# Leveling Walls



## lunarist (Aug 13, 2015)

Hey guys,

I'm in the process of framing in my new workshop when I ran into an issue that I need a little help with.

I have a slab with one course of block around the perimeter in which the walls sit on.

Basically from the ground up my walls are slab, block, sill plate, bottom plate, studs, top plate, double top plate.

I have found that I am a 1/2" out of level from one side of the building to the other. I believe either the slab or block is out. 

What do you guys think I should do to level the walls? Should I shim between the sill and bottom plate or between the top plate and double top plate? I think it would be easier to shim between the top plate and double top plate so they are level rather than shim between the sill and bottom. I just have not heard of anyone doing it that way.

Thanks,

Paul


----------



## havasu (Aug 13, 2015)

Your sill plate should be treated lumber. You sure don't want untreated lumber touching the block, so add it to the easiest place afterwards. If you took a pic and show us what you are trying to square up, there may be an easier way.


----------



## lunarist (Aug 13, 2015)

Thanks for the reply. The sill plate is treated lumber. Basically the block was laid on an slab that wasn't exactly level. The guy who laid the block tried to compensate for that as much as possible but with only using one course of block he could only get within 1/2" of level. I'd say most walls on their own are level but when measuring from one side to the other there is a 1/2" difference in height.

Say wall 'A' and wall 'C' are 20 feet apart and are parallel to each other. Wall 'A' is 9 feet and Wall 'C' is 9 1/2 feet.

I hope that helps a bit.

Thanks,


----------



## havasu (Aug 13, 2015)

lunarist said:


> Wall 'A' is 9 feet and Wall 'C' is 9 1/2 feet.
> 
> I hope that helps a bit.
> 
> Thanks,



So is there a 6" difference?


----------



## lunarist (Aug 14, 2015)

Sorry about that.
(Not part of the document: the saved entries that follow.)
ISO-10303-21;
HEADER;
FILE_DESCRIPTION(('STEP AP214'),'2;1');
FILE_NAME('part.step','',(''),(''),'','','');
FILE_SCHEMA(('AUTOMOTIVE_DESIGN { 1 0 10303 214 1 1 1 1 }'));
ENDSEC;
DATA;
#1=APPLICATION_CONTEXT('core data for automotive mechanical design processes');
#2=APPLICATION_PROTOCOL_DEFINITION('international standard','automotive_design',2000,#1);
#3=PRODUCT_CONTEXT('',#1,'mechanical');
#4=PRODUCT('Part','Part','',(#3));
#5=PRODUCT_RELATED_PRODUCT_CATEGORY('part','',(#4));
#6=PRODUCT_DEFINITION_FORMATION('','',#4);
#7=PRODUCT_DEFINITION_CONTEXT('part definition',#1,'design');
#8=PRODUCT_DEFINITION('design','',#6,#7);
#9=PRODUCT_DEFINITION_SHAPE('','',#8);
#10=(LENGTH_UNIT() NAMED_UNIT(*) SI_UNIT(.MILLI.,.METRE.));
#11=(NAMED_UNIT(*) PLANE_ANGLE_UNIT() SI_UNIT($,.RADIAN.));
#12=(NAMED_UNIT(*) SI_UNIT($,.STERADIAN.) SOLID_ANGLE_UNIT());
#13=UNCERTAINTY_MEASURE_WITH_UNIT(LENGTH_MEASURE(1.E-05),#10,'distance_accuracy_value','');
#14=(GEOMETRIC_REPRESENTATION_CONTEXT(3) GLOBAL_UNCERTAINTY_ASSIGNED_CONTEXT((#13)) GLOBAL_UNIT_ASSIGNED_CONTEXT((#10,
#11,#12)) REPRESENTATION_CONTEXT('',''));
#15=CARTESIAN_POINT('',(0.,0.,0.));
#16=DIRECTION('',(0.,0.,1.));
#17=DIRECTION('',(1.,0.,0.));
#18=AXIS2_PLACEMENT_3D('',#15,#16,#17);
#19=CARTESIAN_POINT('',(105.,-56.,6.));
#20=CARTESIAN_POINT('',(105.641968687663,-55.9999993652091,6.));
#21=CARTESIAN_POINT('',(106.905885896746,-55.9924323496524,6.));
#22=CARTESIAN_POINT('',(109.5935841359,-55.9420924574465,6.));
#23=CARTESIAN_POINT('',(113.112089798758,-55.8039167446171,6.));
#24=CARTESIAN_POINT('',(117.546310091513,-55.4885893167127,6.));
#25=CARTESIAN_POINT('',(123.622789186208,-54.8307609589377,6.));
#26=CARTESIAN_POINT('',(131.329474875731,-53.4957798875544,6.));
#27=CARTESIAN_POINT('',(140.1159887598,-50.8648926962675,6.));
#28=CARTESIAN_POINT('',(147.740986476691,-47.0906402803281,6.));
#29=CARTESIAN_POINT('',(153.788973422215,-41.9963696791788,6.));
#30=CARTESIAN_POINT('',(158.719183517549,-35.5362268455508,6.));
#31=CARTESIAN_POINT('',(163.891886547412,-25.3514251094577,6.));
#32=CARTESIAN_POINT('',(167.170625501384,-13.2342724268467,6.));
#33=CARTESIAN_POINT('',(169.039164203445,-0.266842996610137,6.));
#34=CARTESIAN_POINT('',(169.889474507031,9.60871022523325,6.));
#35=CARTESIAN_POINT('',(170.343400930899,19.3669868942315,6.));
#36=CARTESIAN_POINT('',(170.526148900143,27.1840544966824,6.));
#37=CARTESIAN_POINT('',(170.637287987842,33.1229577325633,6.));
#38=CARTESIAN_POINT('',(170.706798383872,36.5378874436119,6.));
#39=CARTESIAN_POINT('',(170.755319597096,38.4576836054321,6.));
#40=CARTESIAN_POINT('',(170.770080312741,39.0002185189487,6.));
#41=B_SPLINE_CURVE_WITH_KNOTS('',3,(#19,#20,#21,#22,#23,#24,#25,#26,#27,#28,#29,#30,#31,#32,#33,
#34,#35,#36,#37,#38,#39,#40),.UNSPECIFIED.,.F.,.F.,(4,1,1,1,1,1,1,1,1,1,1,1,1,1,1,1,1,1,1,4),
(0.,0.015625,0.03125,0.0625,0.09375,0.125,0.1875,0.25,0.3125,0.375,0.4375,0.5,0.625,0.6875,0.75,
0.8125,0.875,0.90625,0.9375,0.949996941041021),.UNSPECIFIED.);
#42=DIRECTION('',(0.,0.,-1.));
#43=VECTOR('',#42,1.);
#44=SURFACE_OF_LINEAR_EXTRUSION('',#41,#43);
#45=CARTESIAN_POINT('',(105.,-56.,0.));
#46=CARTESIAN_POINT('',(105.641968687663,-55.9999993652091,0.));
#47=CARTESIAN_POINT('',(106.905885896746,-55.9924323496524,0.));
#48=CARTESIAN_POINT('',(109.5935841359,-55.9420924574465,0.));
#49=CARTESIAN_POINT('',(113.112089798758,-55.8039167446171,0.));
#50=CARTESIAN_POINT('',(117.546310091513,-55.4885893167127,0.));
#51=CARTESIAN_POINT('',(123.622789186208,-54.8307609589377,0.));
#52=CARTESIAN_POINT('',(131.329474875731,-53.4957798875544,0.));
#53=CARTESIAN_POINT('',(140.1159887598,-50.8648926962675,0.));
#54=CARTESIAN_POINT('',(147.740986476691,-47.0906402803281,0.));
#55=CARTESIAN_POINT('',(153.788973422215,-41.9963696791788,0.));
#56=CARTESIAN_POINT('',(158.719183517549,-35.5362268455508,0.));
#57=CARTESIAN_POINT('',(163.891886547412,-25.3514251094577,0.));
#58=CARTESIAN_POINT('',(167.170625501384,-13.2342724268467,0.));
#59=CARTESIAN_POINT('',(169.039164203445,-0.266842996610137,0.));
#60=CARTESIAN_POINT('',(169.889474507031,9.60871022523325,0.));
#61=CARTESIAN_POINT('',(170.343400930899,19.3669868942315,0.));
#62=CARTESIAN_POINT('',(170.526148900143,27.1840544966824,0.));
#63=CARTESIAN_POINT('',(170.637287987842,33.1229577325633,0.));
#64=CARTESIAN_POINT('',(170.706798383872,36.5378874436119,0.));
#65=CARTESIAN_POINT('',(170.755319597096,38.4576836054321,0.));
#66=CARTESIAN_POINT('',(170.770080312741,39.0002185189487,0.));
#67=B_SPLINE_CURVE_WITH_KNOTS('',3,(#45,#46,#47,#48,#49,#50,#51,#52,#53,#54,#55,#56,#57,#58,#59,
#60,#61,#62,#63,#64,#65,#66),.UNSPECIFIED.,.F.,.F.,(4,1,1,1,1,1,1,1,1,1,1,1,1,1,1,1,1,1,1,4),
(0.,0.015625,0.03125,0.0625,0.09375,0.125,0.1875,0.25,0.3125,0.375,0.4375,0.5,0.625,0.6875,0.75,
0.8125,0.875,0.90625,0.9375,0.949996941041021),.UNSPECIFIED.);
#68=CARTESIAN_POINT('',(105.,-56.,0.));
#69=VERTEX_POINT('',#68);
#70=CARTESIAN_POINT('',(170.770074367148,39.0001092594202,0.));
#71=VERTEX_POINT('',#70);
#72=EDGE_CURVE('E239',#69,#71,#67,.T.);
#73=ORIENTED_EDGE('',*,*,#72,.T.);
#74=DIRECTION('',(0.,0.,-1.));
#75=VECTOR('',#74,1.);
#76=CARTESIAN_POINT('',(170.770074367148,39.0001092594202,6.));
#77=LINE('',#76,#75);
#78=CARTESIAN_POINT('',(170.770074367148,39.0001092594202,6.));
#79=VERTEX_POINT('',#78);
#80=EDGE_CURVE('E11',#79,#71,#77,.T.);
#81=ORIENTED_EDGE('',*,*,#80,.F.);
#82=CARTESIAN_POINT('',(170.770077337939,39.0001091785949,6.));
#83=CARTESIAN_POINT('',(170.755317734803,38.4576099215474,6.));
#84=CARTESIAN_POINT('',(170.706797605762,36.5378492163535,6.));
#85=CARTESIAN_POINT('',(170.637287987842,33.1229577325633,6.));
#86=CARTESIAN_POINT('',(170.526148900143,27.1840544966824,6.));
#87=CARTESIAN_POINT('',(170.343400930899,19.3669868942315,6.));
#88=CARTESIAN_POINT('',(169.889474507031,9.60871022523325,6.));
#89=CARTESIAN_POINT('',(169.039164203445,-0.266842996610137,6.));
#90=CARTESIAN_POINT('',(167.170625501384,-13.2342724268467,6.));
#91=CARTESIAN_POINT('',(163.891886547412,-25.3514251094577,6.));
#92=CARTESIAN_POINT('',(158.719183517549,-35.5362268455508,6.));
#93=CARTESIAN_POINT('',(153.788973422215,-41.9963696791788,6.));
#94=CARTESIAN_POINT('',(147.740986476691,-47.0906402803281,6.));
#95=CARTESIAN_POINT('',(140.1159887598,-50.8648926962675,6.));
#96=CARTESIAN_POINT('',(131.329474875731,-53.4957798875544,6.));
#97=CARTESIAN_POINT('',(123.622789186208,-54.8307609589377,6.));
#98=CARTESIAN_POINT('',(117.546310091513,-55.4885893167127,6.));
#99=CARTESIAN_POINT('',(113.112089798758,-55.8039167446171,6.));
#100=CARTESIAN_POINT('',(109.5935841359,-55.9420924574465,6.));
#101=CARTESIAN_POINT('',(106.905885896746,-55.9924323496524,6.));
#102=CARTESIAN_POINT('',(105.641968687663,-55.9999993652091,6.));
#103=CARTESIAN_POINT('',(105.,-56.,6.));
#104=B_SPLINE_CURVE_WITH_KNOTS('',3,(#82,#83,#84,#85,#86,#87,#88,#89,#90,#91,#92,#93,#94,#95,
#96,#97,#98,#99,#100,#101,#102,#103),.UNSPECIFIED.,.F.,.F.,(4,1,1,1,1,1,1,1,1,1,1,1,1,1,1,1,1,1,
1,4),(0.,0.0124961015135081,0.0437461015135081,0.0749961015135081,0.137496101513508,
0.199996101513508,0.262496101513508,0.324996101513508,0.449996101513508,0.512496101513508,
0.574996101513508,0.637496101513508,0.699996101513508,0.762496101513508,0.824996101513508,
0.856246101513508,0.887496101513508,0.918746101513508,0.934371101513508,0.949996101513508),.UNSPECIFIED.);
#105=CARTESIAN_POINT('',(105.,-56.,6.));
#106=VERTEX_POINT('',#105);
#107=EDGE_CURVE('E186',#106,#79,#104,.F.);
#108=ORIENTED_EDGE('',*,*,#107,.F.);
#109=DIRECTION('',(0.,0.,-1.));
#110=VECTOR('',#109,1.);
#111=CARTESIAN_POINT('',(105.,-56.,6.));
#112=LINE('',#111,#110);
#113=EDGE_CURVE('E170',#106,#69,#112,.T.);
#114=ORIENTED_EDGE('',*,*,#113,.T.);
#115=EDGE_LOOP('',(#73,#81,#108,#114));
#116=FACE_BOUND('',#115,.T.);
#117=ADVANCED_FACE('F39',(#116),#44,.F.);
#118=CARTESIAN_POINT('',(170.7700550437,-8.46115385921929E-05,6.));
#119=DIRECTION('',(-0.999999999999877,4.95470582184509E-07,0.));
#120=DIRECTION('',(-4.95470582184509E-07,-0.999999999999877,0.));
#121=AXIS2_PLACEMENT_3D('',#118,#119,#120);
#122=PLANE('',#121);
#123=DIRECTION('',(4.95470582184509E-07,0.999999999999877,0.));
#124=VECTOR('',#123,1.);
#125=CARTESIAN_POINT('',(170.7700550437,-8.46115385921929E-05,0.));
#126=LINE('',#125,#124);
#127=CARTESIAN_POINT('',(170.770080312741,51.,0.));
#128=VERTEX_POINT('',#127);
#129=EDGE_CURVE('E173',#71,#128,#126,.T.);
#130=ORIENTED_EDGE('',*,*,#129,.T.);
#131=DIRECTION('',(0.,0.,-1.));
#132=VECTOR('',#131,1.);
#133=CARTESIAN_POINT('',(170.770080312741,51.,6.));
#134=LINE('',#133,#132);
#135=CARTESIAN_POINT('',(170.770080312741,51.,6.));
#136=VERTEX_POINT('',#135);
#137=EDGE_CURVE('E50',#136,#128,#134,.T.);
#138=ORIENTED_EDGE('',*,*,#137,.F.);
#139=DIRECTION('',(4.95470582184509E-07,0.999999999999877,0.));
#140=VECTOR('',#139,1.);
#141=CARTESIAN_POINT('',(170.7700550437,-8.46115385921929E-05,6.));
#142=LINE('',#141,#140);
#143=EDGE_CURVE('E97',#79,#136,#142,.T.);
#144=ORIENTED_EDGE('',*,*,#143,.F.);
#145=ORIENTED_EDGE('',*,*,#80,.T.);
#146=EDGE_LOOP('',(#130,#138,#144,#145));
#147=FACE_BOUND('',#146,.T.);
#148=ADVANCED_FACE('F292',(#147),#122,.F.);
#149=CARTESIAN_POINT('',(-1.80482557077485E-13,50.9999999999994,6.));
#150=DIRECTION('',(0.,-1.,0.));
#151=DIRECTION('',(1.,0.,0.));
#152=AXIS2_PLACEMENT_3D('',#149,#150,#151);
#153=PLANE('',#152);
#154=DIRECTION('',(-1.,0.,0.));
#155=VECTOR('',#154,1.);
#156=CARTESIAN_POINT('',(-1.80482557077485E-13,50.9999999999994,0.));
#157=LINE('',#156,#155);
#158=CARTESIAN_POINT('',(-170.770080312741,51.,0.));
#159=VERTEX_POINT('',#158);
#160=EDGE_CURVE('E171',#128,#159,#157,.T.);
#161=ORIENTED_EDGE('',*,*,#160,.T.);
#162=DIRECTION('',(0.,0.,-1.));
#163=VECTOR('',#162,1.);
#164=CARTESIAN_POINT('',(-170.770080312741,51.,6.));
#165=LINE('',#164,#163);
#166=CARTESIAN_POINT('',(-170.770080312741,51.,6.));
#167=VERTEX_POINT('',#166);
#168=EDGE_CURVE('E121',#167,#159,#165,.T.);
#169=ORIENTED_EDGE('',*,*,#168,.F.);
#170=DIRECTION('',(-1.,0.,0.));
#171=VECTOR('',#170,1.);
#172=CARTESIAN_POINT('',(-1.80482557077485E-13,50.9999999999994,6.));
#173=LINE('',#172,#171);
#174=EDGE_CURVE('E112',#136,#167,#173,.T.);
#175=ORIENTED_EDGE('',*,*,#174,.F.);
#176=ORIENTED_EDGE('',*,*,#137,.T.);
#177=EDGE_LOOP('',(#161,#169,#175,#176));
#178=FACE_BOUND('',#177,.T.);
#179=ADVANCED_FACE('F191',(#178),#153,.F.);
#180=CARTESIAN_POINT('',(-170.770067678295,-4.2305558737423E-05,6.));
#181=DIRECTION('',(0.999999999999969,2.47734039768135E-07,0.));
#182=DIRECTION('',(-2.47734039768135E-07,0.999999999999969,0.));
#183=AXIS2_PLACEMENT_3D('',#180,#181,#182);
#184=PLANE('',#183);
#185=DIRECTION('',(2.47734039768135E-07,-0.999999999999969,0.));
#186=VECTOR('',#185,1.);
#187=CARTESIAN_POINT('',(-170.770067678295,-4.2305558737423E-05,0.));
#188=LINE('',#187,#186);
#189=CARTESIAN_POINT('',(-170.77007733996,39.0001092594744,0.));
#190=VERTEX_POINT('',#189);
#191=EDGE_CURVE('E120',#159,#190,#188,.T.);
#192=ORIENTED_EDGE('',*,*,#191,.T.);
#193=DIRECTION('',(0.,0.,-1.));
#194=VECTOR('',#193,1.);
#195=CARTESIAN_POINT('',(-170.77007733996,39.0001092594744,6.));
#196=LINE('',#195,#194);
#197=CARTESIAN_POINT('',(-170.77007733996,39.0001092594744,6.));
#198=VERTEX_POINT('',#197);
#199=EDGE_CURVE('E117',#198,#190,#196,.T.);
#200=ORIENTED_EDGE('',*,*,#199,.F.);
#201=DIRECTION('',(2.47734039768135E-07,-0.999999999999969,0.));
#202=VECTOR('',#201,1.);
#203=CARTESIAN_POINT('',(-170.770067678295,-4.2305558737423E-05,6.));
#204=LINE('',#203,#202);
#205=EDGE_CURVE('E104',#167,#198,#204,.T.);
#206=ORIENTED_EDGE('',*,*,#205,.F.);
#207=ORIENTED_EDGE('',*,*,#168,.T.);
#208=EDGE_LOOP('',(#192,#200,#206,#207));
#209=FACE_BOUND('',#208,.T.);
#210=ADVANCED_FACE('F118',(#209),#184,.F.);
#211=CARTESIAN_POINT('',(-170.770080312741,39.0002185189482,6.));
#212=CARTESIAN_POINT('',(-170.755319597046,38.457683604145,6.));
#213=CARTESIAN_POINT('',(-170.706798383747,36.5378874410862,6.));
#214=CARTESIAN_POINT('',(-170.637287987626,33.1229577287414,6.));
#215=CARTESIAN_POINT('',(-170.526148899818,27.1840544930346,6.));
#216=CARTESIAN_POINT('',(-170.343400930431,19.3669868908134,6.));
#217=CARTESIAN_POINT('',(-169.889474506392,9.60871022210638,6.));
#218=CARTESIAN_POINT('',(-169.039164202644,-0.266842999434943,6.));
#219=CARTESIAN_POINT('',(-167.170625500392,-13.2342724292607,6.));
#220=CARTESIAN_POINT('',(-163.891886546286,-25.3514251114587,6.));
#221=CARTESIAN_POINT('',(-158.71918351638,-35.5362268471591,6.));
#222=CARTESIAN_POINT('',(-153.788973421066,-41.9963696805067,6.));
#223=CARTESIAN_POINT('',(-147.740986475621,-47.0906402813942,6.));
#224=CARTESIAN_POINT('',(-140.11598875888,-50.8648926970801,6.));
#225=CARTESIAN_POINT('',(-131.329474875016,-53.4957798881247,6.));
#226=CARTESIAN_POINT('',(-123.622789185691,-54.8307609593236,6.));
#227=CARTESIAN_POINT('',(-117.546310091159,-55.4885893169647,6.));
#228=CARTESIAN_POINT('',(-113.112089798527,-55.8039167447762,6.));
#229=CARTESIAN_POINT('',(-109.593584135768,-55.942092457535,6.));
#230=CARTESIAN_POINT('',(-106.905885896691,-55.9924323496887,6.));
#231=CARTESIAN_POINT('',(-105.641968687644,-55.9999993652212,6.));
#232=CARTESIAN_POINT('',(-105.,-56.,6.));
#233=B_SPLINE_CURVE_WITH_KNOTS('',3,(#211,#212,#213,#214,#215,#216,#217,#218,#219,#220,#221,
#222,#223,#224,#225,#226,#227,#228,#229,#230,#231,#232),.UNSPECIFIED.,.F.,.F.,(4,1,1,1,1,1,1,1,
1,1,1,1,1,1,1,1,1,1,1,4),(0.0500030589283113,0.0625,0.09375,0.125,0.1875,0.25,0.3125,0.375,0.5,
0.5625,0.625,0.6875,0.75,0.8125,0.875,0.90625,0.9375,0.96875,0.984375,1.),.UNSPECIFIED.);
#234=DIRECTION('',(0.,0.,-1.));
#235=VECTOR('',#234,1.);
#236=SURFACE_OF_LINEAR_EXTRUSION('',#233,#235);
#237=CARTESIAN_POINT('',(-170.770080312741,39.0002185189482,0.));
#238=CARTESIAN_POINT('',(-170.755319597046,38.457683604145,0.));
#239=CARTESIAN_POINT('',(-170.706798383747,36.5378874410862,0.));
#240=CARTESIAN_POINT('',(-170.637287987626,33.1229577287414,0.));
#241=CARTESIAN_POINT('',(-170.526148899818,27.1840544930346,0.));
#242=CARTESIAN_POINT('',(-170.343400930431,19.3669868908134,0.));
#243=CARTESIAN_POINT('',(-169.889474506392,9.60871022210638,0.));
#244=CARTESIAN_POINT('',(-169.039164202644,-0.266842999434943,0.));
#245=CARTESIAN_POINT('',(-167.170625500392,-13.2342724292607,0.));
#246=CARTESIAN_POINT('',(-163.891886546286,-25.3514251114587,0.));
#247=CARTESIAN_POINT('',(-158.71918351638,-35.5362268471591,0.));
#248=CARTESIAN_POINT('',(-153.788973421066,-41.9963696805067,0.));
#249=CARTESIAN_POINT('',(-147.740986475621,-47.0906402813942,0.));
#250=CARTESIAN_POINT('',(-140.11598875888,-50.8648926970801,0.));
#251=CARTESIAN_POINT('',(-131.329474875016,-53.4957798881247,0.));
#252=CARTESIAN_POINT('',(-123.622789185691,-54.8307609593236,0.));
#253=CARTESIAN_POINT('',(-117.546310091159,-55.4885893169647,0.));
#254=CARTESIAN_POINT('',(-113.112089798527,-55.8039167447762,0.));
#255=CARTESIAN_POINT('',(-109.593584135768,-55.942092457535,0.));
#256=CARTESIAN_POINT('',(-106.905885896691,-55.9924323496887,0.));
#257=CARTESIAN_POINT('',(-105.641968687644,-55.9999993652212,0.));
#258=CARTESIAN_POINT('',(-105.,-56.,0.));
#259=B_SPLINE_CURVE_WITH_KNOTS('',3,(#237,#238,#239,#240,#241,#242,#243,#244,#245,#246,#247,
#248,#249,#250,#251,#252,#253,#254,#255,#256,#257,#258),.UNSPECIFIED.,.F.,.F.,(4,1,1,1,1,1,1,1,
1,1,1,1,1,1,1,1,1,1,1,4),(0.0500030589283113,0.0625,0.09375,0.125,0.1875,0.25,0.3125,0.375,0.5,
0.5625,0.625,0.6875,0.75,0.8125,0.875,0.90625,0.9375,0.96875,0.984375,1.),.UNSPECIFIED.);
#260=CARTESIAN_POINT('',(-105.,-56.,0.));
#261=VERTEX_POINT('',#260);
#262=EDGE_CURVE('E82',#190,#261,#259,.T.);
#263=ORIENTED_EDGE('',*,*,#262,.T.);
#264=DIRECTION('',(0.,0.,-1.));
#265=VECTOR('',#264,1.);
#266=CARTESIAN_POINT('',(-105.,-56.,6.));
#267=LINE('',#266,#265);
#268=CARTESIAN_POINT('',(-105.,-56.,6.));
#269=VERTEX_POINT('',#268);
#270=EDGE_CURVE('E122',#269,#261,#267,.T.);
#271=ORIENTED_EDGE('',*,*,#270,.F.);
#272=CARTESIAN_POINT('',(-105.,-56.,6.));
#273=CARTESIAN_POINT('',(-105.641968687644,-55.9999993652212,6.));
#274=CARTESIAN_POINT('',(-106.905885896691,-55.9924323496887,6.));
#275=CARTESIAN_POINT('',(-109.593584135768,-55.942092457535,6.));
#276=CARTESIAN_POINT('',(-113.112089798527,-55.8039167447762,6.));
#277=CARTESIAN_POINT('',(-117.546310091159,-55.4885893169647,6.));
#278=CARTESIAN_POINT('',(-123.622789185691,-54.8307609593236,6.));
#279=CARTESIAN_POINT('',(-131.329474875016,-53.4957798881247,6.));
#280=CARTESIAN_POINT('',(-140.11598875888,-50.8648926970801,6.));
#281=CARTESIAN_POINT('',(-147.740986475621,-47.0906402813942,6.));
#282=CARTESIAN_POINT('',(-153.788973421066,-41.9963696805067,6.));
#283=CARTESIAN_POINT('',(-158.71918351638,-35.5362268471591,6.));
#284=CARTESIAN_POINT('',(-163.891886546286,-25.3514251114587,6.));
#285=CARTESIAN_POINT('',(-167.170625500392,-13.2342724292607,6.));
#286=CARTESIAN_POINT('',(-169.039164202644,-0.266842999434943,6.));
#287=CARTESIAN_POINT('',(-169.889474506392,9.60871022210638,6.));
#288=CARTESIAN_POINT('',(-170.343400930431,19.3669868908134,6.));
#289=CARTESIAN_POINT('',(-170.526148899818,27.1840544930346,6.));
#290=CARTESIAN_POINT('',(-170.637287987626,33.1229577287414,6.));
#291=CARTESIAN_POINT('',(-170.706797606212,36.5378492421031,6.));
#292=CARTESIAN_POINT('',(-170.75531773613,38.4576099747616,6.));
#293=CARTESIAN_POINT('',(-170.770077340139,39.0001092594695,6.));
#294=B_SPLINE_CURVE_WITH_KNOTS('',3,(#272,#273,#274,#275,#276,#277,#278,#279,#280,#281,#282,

It's 9' at one end and 9' 1/2" at the other


----------



## havasu (Aug 14, 2015)

With a less than 1/16" per foot drop, you can easily blend in the construction so you would never notice that small amount.


----------



## mustanggarage (Sep 21, 2015)

hold on a minute here.  if the slab is not level in order to get the roof level one of the walls would have to be slightly taller.  so is the top plate of the walls level would be my question.  otherwise if the base is not level and the walls are the same height above the slab, they will not be level either.  put a level on the top plate and if you still can't tell use a string level or a laser level.

like this one

https://jet.com/product/product/9c0...6c3R5eHxHzwNsswE6WKtd3xF0pdXuMKJ2GhoCzi3w_wcB


----------



## rickmuckes (May 1, 2016)

Do you have any pictures so that we can see it?

concrete services NJ


----------



## havasu (May 1, 2016)

rickmuckes said:


> Do you have any pictures so that we can see it?
> 
> concrete services NJ



I hope everyone gives Peterson general Construction Company (out of New Jersey) a personal phone call to let him know that hiring someone from the Phillipines to spam websites such as this one is not appreciated, and probably bad for business!


----------



## Chris (May 1, 2016)

I'm thinking I might just do that.


----------



## havasu (May 2, 2016)

I honestly think this business paid for some form of advertisement and got ripped off. I sure would like to know is he is a victim of part of the problem?


----------



## Chris (May 2, 2016)

Got to be victim. I get calls daily at my office from advertising businesses. No contractor in their right mind would spam anything. It doesn't bring good business.


----------